Percobaan uji insektisida terhadap mortalitas Spodoptera litura dilakukan dengan
metode sandwich. Sama dengan metode celup bahwa pada LD50 kefektifan insektisida
menurun ketika melewati dari perlakuan 24 jam. LD95 pada racun perut dengan metode
sandwich ini juga mengalami penurunan kefektifan ketika melewati 24 jam setelah
pengamatan.
Perbedaan toksisitan insektisida racun perut terhadap serangga disebabkan oleh
perbedaan banyaknya insektisida yang termakan, penetrasi insektisida melalui dinsing
saluran pencernaan, metabolisme insektisida dan toksisitas intrinsik setelah penetrasi.
Umur larva juga mempengaruhi toksisitas insektisida. Larva yang lebih tua lebih tahan
daripada larva yang baru ganti kulit. Perubahan kepekaan ini kemungkinan dibebkan
perubahan fisiologis yang berkaitan dengan proses ganti kulit (Djojosumarto 2008).
Kematian serangga juga dipengaruhi oleh metabolisme seranga dan seberapa cepat
pestisida itu memasuki tubuh serangga. Semakin tinggi konsentrasi yang diaplikasikan
dan semakin lama waktu pengaplikasiannya akan efektif mematikan serangga. Bila
kepekaan hama terhapat insektisida sudah berkurang, insektisida tersebut tidak dapat
lagi digunakan untuk mengendalikan hama dan dikategorikan sudah resisten (Zaloom
2001).
KESIMPULAN

Pengujian insektisida dengan racun perut dapat dilakukan dengan metode celup
dan metode sandwich. Racun perut juga memiliki kefektifan berbeda tergantung dari
bahan aktif yang terkandung di dalamnya. Umur larva juga memengaruhi keefektifan
racun kontak yang akan diaplikasikan.

DAFTAR PUSTAKA

Djojosumarto P. 2008. Pestisida dan Aplikasinya. Jakarta (ID) : Agromedia Pustaka.

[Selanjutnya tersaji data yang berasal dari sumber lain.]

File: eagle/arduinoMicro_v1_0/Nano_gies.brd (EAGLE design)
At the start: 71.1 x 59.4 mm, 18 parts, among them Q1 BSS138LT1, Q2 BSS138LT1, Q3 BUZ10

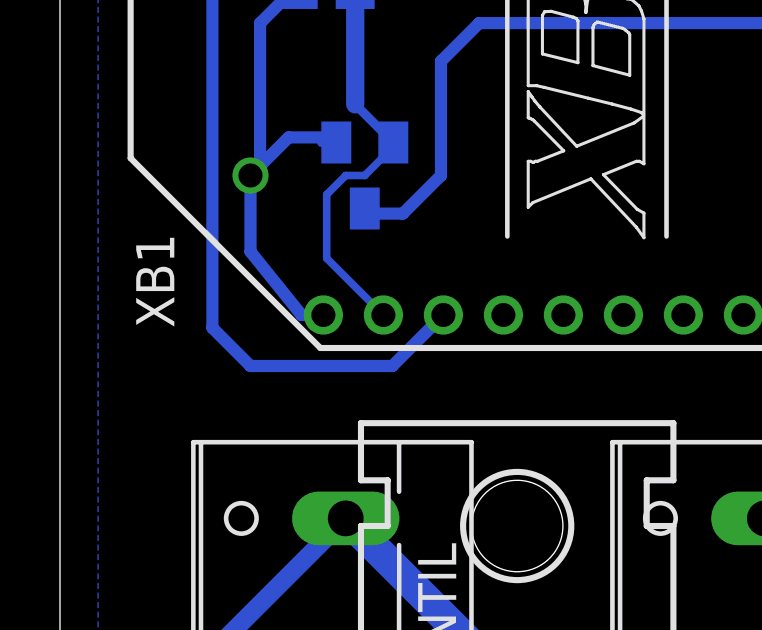
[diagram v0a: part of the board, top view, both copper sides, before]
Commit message: Anpassung eagel Files für Grafiken für die Doku. Bilder in Doku eingefügt
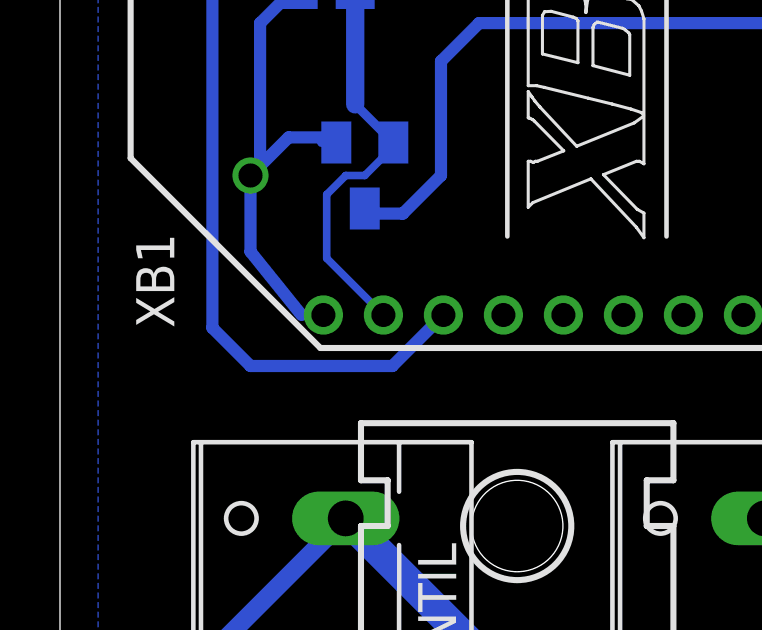
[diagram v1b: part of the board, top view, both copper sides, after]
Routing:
- net +3V3: track 24.3 -> 23.6 mm

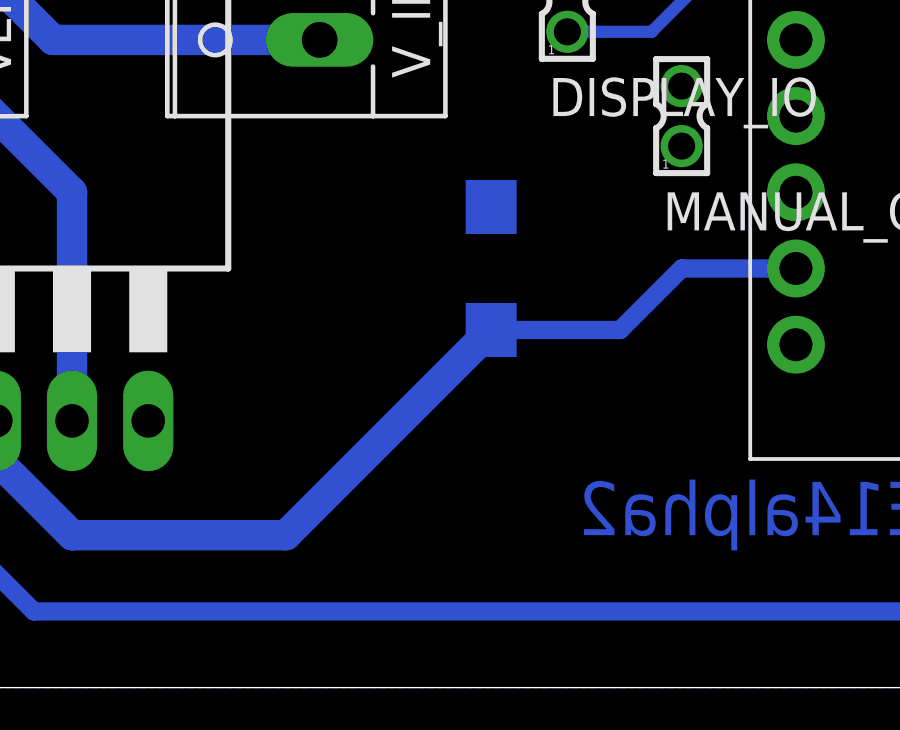
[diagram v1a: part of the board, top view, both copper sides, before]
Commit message: anpassung der Fehler im Schaltplan beim Anschluss XBee zum Mikrocontroller
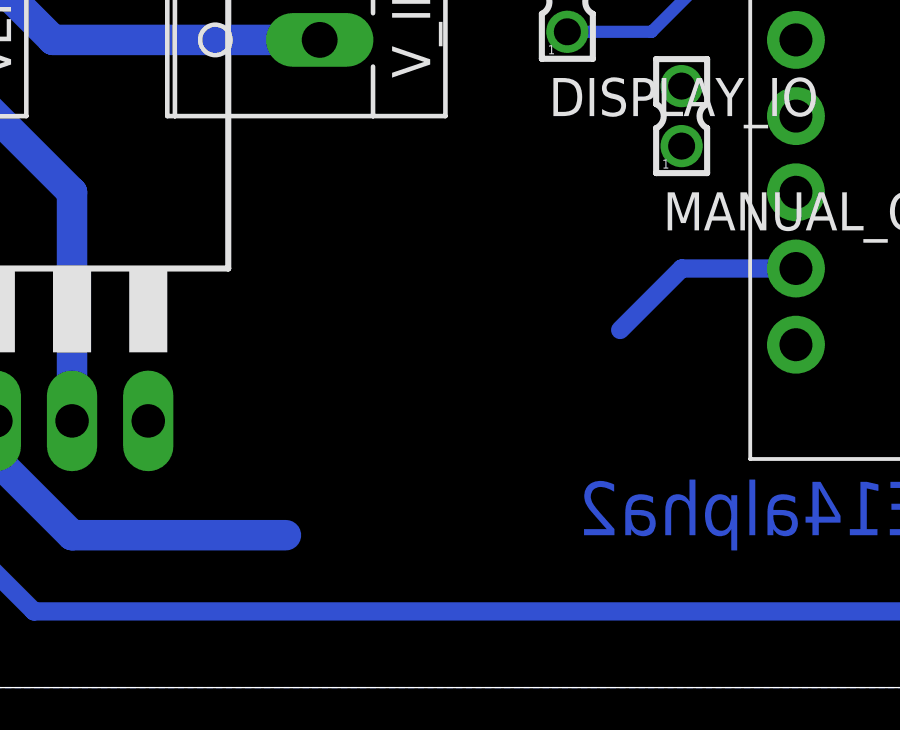
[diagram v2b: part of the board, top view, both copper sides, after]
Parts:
- removed D1: (no value), diode:DO214AC
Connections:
- new net N$1: MANUAL_GIES.2, U$1.P$6
- net GND: no longer D1.A
- net VENTIL_CTRL: no longer D1.C
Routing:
- net VENTIL_CTRL: track 32.7 -> 18.7 mm
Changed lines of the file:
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@@
 <attribute name="OC_FARNELL" value="unknown" x="90.17" y="39.37" size="1.778" layer="27" rot="R270" display="off"/>
 </element>
-<element name="D1" library="diode" package="DO214AC" value="" x="57.15" y="22.86" rot="MR90"/>
 <element name="DISPLAY" library="con-lstb" package="MA04-1" value="" x="60.96" y="41.91" rot="R270">
 <attribute name="OC_NEWARK" value="unknown" x="60.96" y="41.91" size="1.778" layer="27" rot="R270" display="off"/>
@@
 <contactref element="V_IN" pad="2"/>
 <contactref element="Q3" pad="3"/>
-<contactref element="D1" pad="A"/>
 <contactref element="DISPLAY_IO" pad="2"/>
 <contactref element="MANUAL_GIES" pad="1"/>
@@
 <wire x1="86.36" y1="44.18" x2="86.09" y2="44.45" width="0.4064" layer="16"/>
 <wire x1="86.09" y1="44.45" x2="80.01" y2="44.45" width="0.3048" layer="16"/>
+<wire x1="67.31" y1="48.26" x2="80.01" y2="44.45" width="0" layer="19" extent="16-16"/>
+<wire x1="60.96" y1="45.72" x2="67.31" y2="48.26" width="0" layer="19" extent="1-1"/>
+<wire x1="54.72" y1="42.34" x2="60.96" y2="45.72" width="0" layer="19" extent="1-1"/>
+<wire x1="51.435" y1="35.56" x2="54.72" y2="42.34" width="0" layer="19" extent="1-1"/>
+<wire x1="59.69" y1="32.75" x2="51.435" y2="35.56" width="0" layer="19" extent="1-1"/>
+<wire x1="63.5" y1="26.94" x2="59.69" y2="32.75" width="0" layer="19" extent="1-1"/>
+<wire x1="45.72" y1="17.78" x2="51.435" y2="35.56" width="0" layer="19" extent="1-1"/>
 </signal>
 <signal name="BODEN_DIGITAL">
@@
 <signal name="VENTIL_CTRL">
 <contactref element="Q3" pad="1"/>
-<contactref element="D1" pad="C"/>
 <wire x1="40.64" y1="17.78" x2="40.64" y2="16.51" width="1.016" layer="16"/>
 <wire x1="40.64" y1="16.51" x2="43.18" y2="13.97" width="1.016" layer="16"/>
 <wire x1="43.18" y1="13.97" x2="50.31" y2="13.97" width="1.016" layer="16"/>
-<wire x1="50.31" y1="13.97" x2="57.15" y2="20.81" width="1.016" layer="16"/>
 <contactref element="U$1" pad="P$2"/>
-<wire x1="57.15" y1="20.81" x2="61.45" y2="20.81" width="0.6096" layer="16"/>
 <wire x1="61.45" y1="20.81" x2="63.5" y2="22.86" width="0.6096" layer="16"/>
 <wire x1="63.5" y1="22.86" x2="67.31" y2="22.86" width="0.6096" layer="16"/>
+<wire x1="50.31" y1="13.97" x2="61.45" y2="20.81" width="0" layer="19" extent="16-16"/>
 </signal>
 <signal name="N$3">
@@
 <wire x1="81.28" y1="41.91" x2="78.42" y2="41.91" width="0.4064" layer="16"/>
 </signal>
+<signal name="N$1">
+<contactref element="MANUAL_GIES" pad="2"/>
+<contactref element="U$1" pad="P$6"/>
+<wire x1="63.5" y1="28.94" x2="67.31" y2="33.02" width="0" layer="19" extent="1-1"/>
+</signal>
 </signals>

Fatmawati. 2012. Pengaruh Pestisida Limia Terhadap Kesehatan Manusia.
Kasumbogo U. 2006. Konsep Pengendalian Hama Terpadu. Yogyakarta (ID) : Gajah
Mada Press.
Kementrian Kesehatan RI, (2012). Pedoman penggunaan insektisida (pestisida) dalam
pengendalian vektor. Jakarta: Kementerian RI.
Mustapa MA, Tuloli TS, Mooduto AM. 2018. Uji toksisitas akut yang diukur dengan
penetuan LD50 ekstrak etanol bunga cengkeh (Syzygium aromaticum L.)
terhadap mencit (Mus musculus) menggunakan metode Thompson-Weil.
Zalom FG. 2001. Pesticide use practices in integrated pest management. Di dalam :
Krieger R, Doull J, Ecobichon D, Gammon D, Hodgson et all., editor.
Handbook of Pesticide Toxicology Vol. 1. San Diego (US) : Academic Press.